I try to understand the difference between the classical definition of covariant derivative :
$$\nabla_{i}V^{j}=\partial_{i}V^{j}+V^{k}\Gamma_{ik}^{j}\quad\quad(1)$$
(where index $i$ represents curvilinear cooordinates $x^{i}$ and $V^{j}$ the $j-\text{th}$ component of vector $V$)
and the definition of called " covariant derivative of a vector field $V$ along a vector field $Z$ " and noted :
$$\nabla_{Z}V\quad\quad(2)$$
What's the expression of (2) and how to make the link with equation (1) ?
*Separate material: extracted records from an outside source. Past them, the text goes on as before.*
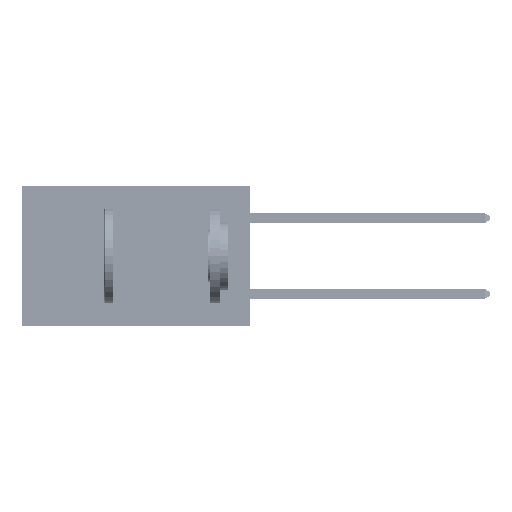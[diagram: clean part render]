
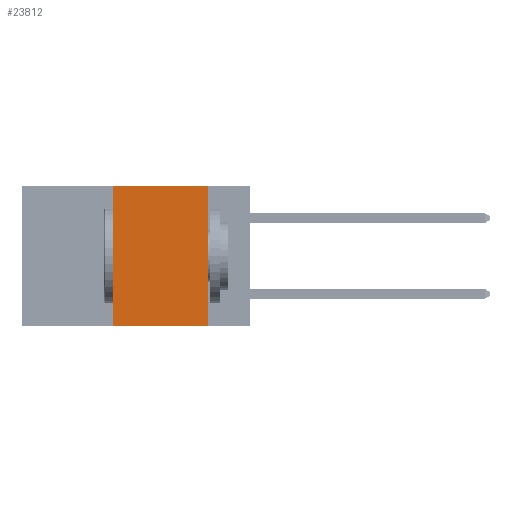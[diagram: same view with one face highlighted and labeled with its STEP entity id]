
A CAD part, left-side view. The second image highlights one B-rep face of the part: STEP entity #23812.
In plain terms, the highlighted planar face has unit normal (-1, 0, 0).
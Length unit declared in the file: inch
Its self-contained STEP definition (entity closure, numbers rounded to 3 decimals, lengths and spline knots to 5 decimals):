
#1415 = LINE ( 'NONE', #5151, #18612 ) ;
#1916 = PLANE ( 'NONE',  #16566 ) ;
#3733 = DIRECTION ( 'NONE',  ( 0., 0., 1. ) ) ;
#3999 = DIRECTION ( 'NONE',  ( 0., 0., -1. ) ) ;
#4015 = ORIENTED_EDGE ( 'NONE', *, *, #10535, .T. ) ;
#4574 = VERTEX_POINT ( 'NONE', #13161 ) ;
#5151 = CARTESIAN_POINT ( 'NONE',  ( 0., 0.6, -0.37 ) ) ;
#6194 = CARTESIAN_POINT ( 'NONE',  ( 0., 0.6, 0. ) ) ;
#10535 = EDGE_CURVE ( 'NONE', #12398, #24200, #1415, .T. ) ;
#10842 = ORIENTED_EDGE ( 'NONE', *, *, #41208, .F. ) ;
#11461 = CARTESIAN_POINT ( 'NONE',  ( 0., 0.36, 0. ) ) ;
#12047 = ORIENTED_EDGE ( 'NONE', *, *, #48437, .F. ) ;
#12398 = VERTEX_POINT ( 'NONE', #17288 ) ;
#13161 = CARTESIAN_POINT ( 'NONE',  ( 0., 0.11, 0. ) ) ;
#13561 = ORIENTED_EDGE ( 'NONE', *, *, #16114, .F. ) ;
#15676 = VECTOR ( 'NONE', #3999, 39.37008 ) ;
#15989 = CARTESIAN_POINT ( 'NONE',  ( 0., 0.36, 0. ) ) ;
#16114 = EDGE_CURVE ( 'NONE', #4574, #24200, #18829, .T. ) ;
#16566 = AXIS2_PLACEMENT_3D ( 'NONE', #6194, #30868, #42680 ) ;
#17288 = CARTESIAN_POINT ( 'NONE',  ( 0., 0.36, -0.37 ) ) ;
#18612 = VECTOR ( 'NONE', #36984, 39.37008 ) ;
#18829 = LINE ( 'NONE', #48651, #15676 ) ;
#21237 = VERTEX_POINT ( 'NONE', #11461 ) ;
#23812 = ADVANCED_FACE ( 'NONE', ( #47894 ), #1916, .F. ) ;
#24200 = VERTEX_POINT ( 'NONE', #49531 ) ;
#28793 = EDGE_LOOP ( 'NONE', ( #13561, #10842, #12047, #4015 ) ) ;
#30868 = DIRECTION ( 'NONE',  ( 1., 0., 0. ) ) ;
#36241 = DIRECTION ( 'NONE',  ( 0., -1., 0. ) ) ;
#36594 = CARTESIAN_POINT ( 'NONE',  ( 0., 0.6, 0. ) ) ;
#36984 = DIRECTION ( 'NONE',  ( 0., -1., 0. ) ) ;
#41208 = EDGE_CURVE ( 'NONE', #21237, #4574, #48473, .T. ) ;
#42680 = DIRECTION ( 'NONE',  ( 0., 0., -1. ) ) ;
#43781 = LINE ( 'NONE', #15989, #48219 ) ;
#47866 = VECTOR ( 'NONE', #36241, 39.37008 ) ;
#47894 = FACE_OUTER_BOUND ( 'NONE', #28793, .T. ) ;
#48219 = VECTOR ( 'NONE', #3733, 39.37008 ) ;
#48437 = EDGE_CURVE ( 'NONE', #12398, #21237, #43781, .T. ) ;
#48473 = LINE ( 'NONE', #36594, #47866 ) ;
#48651 = CARTESIAN_POINT ( 'NONE',  ( 0., 0.11, 0. ) ) ;
#49531 = CARTESIAN_POINT ( 'NONE',  ( 0., 0.11, -0.37 ) ) ;

I saw that equation (2) was used like this in the demonstration of Ricci theorem :
$$Z \langle X,Y \rangle = \langle \nabla_Z X, Y\rangle + \langle X, \nabla_Z Y\rangle$$
Sorry if this question seems to be evident but I am just starting to learn basics of geometry differential.
Thanks for your help
After choosing coordinates $(x^1,\dots,x^n)$, each vector field $V$ can be expressed locally as $V = V^j \frac{\partial}{\partial x^j}$. If you are given a covariant derivative operator $\nabla$, the Christoffel symbols with respect to the coordinate system $(x^1,\dots,x^n)$ are defined by the equation
$$ \nabla_{\frac{\partial}{\partial x^i}} \frac{\partial}{\partial x^j} = \Gamma_{ij}^k \frac{\partial}{\partial x^k}. $$
Namely, $\Gamma_{ij}^k$ gives you the $\frac{\partial}{\partial x^k}$-th component of the covariant derivative of $\frac{\partial}{\partial x^j}$ in the direction $\frac{\partial}{\partial x^i}$. Using the product rule of the covariant derivative, we have
$$ \nabla_{\frac{\partial}{\partial x^i}} \left( V^j \frac{\partial}{\partial x^j} \right) = \frac{\partial V^j}{\partial x^i} \frac{\partial}{\partial x^j} + V^j \nabla_{\frac{\partial}{\partial x^i}} \left( \frac{\partial}{\partial x^j} \right) = \frac{\partial V^j}{\partial x^i} \frac{\partial}{\partial x^j} + V^j \Gamma_{ij}^k \frac{\partial}{\partial x^k}. $$
This can be abbreviated to
$$ (\nabla_i V)^k = \partial_i(V^k) + V^j \Gamma_{ij}^k $$
(so the $k$-th component of the covariant derivative $\nabla_i V$ is given by the regular derivative $\partial_i(V^k)$ of the $k$-th component plus a "correction factor" which involves the all the components of $V$ and the Christoffel symbols).